Dass außerdem aufmerksame Zuschauer auch im öffentlich-rechtlichen Fernsehen für dumm verkauft werden, ist zwar nichts Neues, aber auch alles andere als vorbildlich.

Die AVN-Stellungnahme zum Beitrag können Sie hier herunterladen (_Anmerkung Red.: kommt unten komplett_).

Über Rückmeldungen per email (info@av-nds.de) oder auf facebook würden wir uns freuen!

















----------------------------------------------------​

Und noch ein Lob - wir wissen schon, wen wir ehren (ob der/die nun wollen oder nicht):
Anglerboard ehrt engagierte Kämpfer für Angler und Angeln: Werner Klasing


https://www.anglerboard.de/board/showthread.php?t=330133

Thomas Finkbeiner


----------



## Vincent_der_Falke (22. September 2017)

*AW: WDR-Film zum Angeln: Wieder miserabel recherchiert - Stellungnahme AV Niedersachs*

Fällt einem nichts mehr zu ein. Diese dämmlichen Arsch******
 "ein Fisch leidet beim Fang unendliche Qualen" . Junge Junge Junge. Unendliche Qualen erleiden die wenn meine Faust in deren Fressen trifft. Man hab ich ne Kappe gerade...

 Wenn das Angeln verboten wird dann explodier ich...


----------



## Thomas9904 (22. September 2017)

*AW: WDR-Film zum Angeln: Wieder miserabel recherchiert - Stellungnahme AV Niedersachs*

??
Der AVN?
Ich finde die Stellungnahme klasse!


----------



## Patrick333 (22. September 2017)

*AW: WDR-Film zum Angeln: Wieder miserabel recherchiert - Stellungnahme AV Niedersachs*

Mein Verband! Ich bin stolz!


----------



## Vincent_der_Falke (22. September 2017)
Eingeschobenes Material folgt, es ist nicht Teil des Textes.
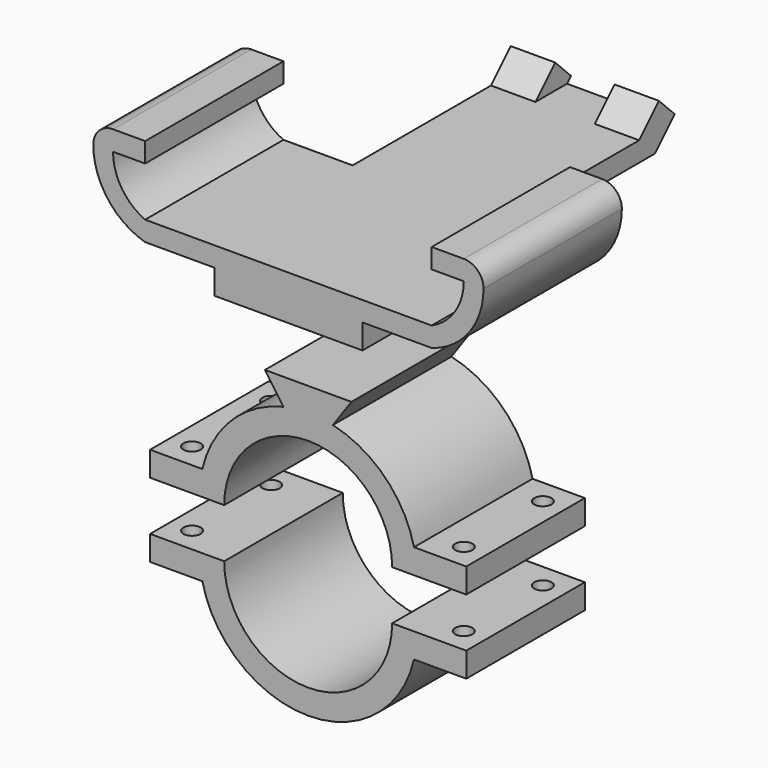
from build123d import *

# Parameters (mm, degrees)
F3_DEPTH      = 30
F4_DEPTH      = 5
F6_DEPTH      = 15
F6_DEPTH_BACK = 15
F7_DEPTH      = 6
F8_DEPTH      = 30
F9_DEPTH      = 30
F10_R         = 1.75
F11_DEPTH     = 50


# Not quite as in the source:
# - a feature names something its author has since deleted; it is built from what else it names


with BuildPart() as f3:
    # F2 (on offset) → F3 (new body)
    with BuildSketch(Plane.XZ.offset(30)):
        with BuildLine():
            Line((29, 49), (-29, 49))
            ThreePointArc((-29, 49), (-33.7322003399, 53.0365697791), (-35.5, 59))
            Line((-35.5, 59), (-29, 59))
            Line((-29, 59), (-29, 63))
            Line((-29, 63), (-35.5, 63))
            ThreePointArc((-35.5, 63), (-38.3284271247, 61.8284271247), (-39.5, 59))
            ThreePointArc((-39.5, 59), (-36.5833333333, 50.25), (-29, 45))
            Line((-29, 45), (-15, 45))
            Line((-15, 45), (-15, 40))
            Line((-15, 40), (-5.748962309, 40))
            Line((-5.748962309, 40), (-9.25, 45))
            Line((-9.25, 45), (9.25, 45))
            Line((9.25, 45), (5.748962309, 40))
            Line((5.748962309, 40), (15, 40))
            Line((15, 40), (15, 45))
            Line((15, 45), (29, 45))
            ThreePointArc((29, 45), (36.5833333333, 50.25), (39.5, 59))
            ThreePointArc((39.5, 59), (38.3284271247, 61.8284271247), (35.5, 63))
            Line((35.5, 63), (29, 63))
            Line((29, 63), (29, 59))
            Line((29, 59), (35.5, 59))
            ThreePointArc((35.5, 59), (33.7322003399, 53.0365697791), (29, 49))
        make_face()
    extrude(amount=-F3_DEPTH)

    # F2 (on offset) → F4 (join)
    with BuildSketch(Plane.XZ.offset(30)):
        with BuildLine():
            Line((29, 49), (-29, 49))
            ThreePointArc((-29, 49), (-33.7322003399, 53.0365697791), (-35.5, 59))
            Line((-35.5, 59), (-29, 59))
            Line((-29, 59), (-29, 63))
            Line((-29, 63), (-35.5, 63))
            ThreePointArc((-35.5, 63), (-38.3284271247, 61.8284271247), (-39.5, 59))
            ThreePointArc((-39.5, 59), (-36.5833333333, 50.25), (-29, 45))
            Line((-29, 45), (-15, 45))
            Line((-15, 45), (-15, 40))
            Line((-15, 40), (-5.748962309, 40))
            Line((-5.748962309, 40), (-9.25, 45))
            Line((-9.25, 45), (9.25, 45))
            Line((9.25, 45), (5.748962309, 40))
            Line((5.748962309, 40), (15, 40))
            Line((15, 40), (15, 45))
            Line((15, 45), (29, 45))
            ThreePointArc((29, 45), (36.5833333333, 50.25), (39.5, 59))
            ThreePointArc((39.5, 59), (38.3284271247, 61.8284271247), (35.5, 63))
            Line((35.5, 63), (29, 63))
            Line((29, 63), (29, 59))
            Line((29, 59), (35.5, 59))
            ThreePointArc((35.5, 59), (33.7322003399, 53.0365697791), (29, 49))
        make_face()
        Polygon((-9.25, 45), (-5.748962309, 40), (5.748962309, 40), (9.25, 45), align=None)
    extrude(amount=F4_DEPTH)

    # F5 (on Right) → F6 (join, two sides)
    with BuildSketch(Plane.YZ) as f6_sk:
        Polygon((35, 49), (0, 49), (0, 45), (39, 45), (43, 49), align=None)
        Polygon((40, 54), (35, 49), (43, 49), (44, 50), align=None)
    extrude(amount=F6_DEPTH)
    extrude(f6_sk.sketch, amount=-F6_DEPTH_BACK)

    # F5 (on Right) → F7 (cut, symmetric)
    with BuildSketch(Plane.YZ):
        Polygon((40, 54), (35, 49), (43, 49), (44, 50), align=None)
    extrude(amount=F7_DEPTH, both=True, mode=Mode.SUBTRACT)


with BuildPart() as f8:
    # F0 (on Front) → F8 (new body)
    with BuildSketch(Plane.XZ):
        with BuildLine():
            Line((-32, 0), (-22, 0))
            ThreePointArc((-22, 0), (-21.8555974099, 2.516517804), (-21.4242852856, 5))
            Line((-21.4242852856, 5), (-32, 5))
            Line((-32, 5), (-32, 0))
        make_face()
        with BuildLine():
            Line((-22, 0), (-17, 0))
            Line((-17, 0), (-17, 5))
            Line((-17, 5), (-21.4242852856, 5))
            ThreePointArc((-21.4242852856, 5), (-21.8555974099, 2.516517804), (-22, 0))
        make_face()
        with BuildLine():
            ThreePointArc((-17, 0), (0, 17), (17, 0))
            Line((17, 0), (17, 5))
            Line((17, 5), (21.4242852856, 5))
            ThreePointArc((21.4242852856, 5), (15.5563491861, 15.5563491861), (5, 21.4242852856))
            ThreePointArc((5, 21.4242852856), (0, 22), (-5, 21.4242852856))
            ThreePointArc((-5, 21.4242852856), (-15.5563491861, 15.5563491861), (-21.4242852856, 5))
            Line((-21.4242852856, 5), (-17, 5))
            Line((-17, 5), (-17, 0))
        make_face()
        with BuildLine():
            Line((17, 5), (17, 0))
            Line((17, 0), (22, 0))
            ThreePointArc((22, 0), (21.8555974099, 2.516517804), (21.4242852856, 5))
            Line((21.4242852856, 5), (17, 5))
        make_face()
        with BuildLine():
            ThreePointArc((21.4242852856, 5), (21.8555974099, 2.516517804), (22, 0))
            Line((22, 0), (32, 0))
            Line((32, 0), (32, 5))
            Line((32, 5), (21.4242852856, 5))
        make_face()
        with BuildLine():
            ThreePointArc((-5, 21.4242852856), (0, 22), (5, 21.4242852856))
            Line((5, 21.4242852856), (8.75, 26.7798403109))
            Line((8.75, 26.7798403109), (-8.75, 26.7798403109))
            Line((-8.75, 26.7798403109), (-5, 21.4242852856))
        make_face()
    extrude(amount=F8_DEPTH)


with BuildPart() as f9:
    # F0 (on Front) → F9 (new body)
    with BuildSketch(Plane.XZ):
        with BuildLine():
            ThreePointArc((-21.4242852856, -15), (-21.8555974099, -12.516517804), (-22, -10))
            Line((-22, -10), (-32, -10))
            Line((-32, -10), (-32, -15))
            Line((-32, -15), (-21.4242852856, -15))
        make_face()
        with BuildLine():
            Line((-17, -15), (-17, -10))
            Line((-17, -10), (-22, -10))
            ThreePointArc((-22, -10), (-21.8555974099, -12.516517804), (-21.4242852856, -15))
            Line((-21.4242852856, -15), (-17, -15))
        make_face()
        with BuildLine():
            ThreePointArc((17, -10), (0, -27), (-17, -10))
            Line((-17, -10), (-17, -15))
            Line((-17, -15), (-21.4242852856, -15))
            ThreePointArc((-21.4242852856, -15), (0, -32), (21.4242852856, -15))
            Line((21.4242852856, -15), (17, -15))
            Line((17, -15), (17, -10))
        make_face()
        with BuildLine():
            Line((22, -10), (17, -10))
            Line((17, -10), (17, -15))
            Line((17, -15), (21.4242852856, -15))
            ThreePointArc((21.4242852856, -15), (21.8555974099, -12.516517804), (22, -10))
        make_face()
        with BuildLine():
            Line((32, -10), (22, -10))
            ThreePointArc((22, -10), (21.8555974099, -12.516517804), (21.4242852856, -15))
            Line((21.4242852856, -15), (32, -15))
            Line((32, -15), (32, -10))
        make_face()
    extrude(amount=F9_DEPTH)


with BuildPart() as f11_tool:
    # F10 (on face) → F11 (new body)
    with BuildSketch(Plane.XY.offset(5)):
        with Locations((-27.5, -25)):
            Circle(F10_R)
        with Locations((-27.5, -5)):
            Circle(F10_R)
        with Locations((27.5, -5)):
            Circle(F10_R)
        with Locations((27.5, -25)):
            Circle(F10_R)
    extrude(amount=-F11_DEPTH)


with BuildPart() as f8_1:
    add(f8.part)

    # F11: cut by f11_tool
    add(f11_tool.part, mode=Mode.SUBTRACT)


with BuildPart() as f9_1:
    add(f9.part)

    # F11: cut by f11_tool
    add(f11_tool.part, mode=Mode.SUBTRACT)


solid = Compound([f3.part, f8_1.part, f9_1.part])

*AW: WDR-Film zum Angeln: Wieder miserabel recherchiert - Stellungnahme AV Niedersachs*



Thomas9904 schrieb:


> ??
> Der AVN?
> Ich finde die Stellungnahme klasse!



Nein die WDR-Heinis...


----------



## Thomas9904 (22. September 2017)

*AW: WDR-Film zum Angeln: Wieder miserabel recherchiert - Stellungnahme AV Niedersachs*

dann ok!

Ja, der AVN macht halt was - DAFV und Konsorten machen wieder nix.

Immer wieder das Gleiche.


----------



## Vincent_der_Falke (22. September 2017)

*AW: WDR-Film zum Angeln: Wieder miserabel recherchiert - Stellungnahme AV Niedersachs*

Sry wegen meiner Ausdrücke aber ich bin gerade echt stinksauer.
 Solche Aussagen sind Schläge ins Gesicht für jeden vernünftigen Angler.


----------



## Thomas9904 (22. September 2017)

*AW: WDR-Film zum Angeln: Wieder miserabel recherchiert - Stellungnahme AV Niedersachs*

Es gibt ja noch nen zweiten LV in Niedersachsen.
Von dem kommt da natürlich nix..

Um die Unterschiede zu zeigen bei Verbänden (und warum der AVN inzwischen ANGLERverband heisst), AVN kämpft FÜR Angler (siehe hier), Weser-Ems wanzt sich an NABU ran:
Ist Sportfischerpräsi Pieper jetzt NABU-Maskottchen in Niedersachsen?


----------



## Grünknochen (22. September 2017)

*AW: WDR: Hetze gegen Angler im Rahmen der Sendung "Tiere suchen ein Zuhause"*



Thomas9904 schrieb:


> Während - wen wundert es wirklich? - der *DAFV und seine Verbände* wieder* NICHTS zur PETA-Propaganda bringen*,
> *kommt vom Anglerverband Niedersachsen eine Stellungnahme *zum unsäglichen, einseitigen PETA-pushen des WDR:
> WDR-Film zum Angeln: Wieder miserabel recherchiert - Stellungnahme AV Niedersachsen



Merci für's Einstellen. Diese Stellungnahme ist auf den Punkt richtig. In der Tat ist es schon erstaunlich, dass allein der Anglerverband NS das Thema aufgreift. Ich bin mehr als geneigt, dies als Armutszeugnis für die aktuelle Verbandsstruktur zu bezeichnen.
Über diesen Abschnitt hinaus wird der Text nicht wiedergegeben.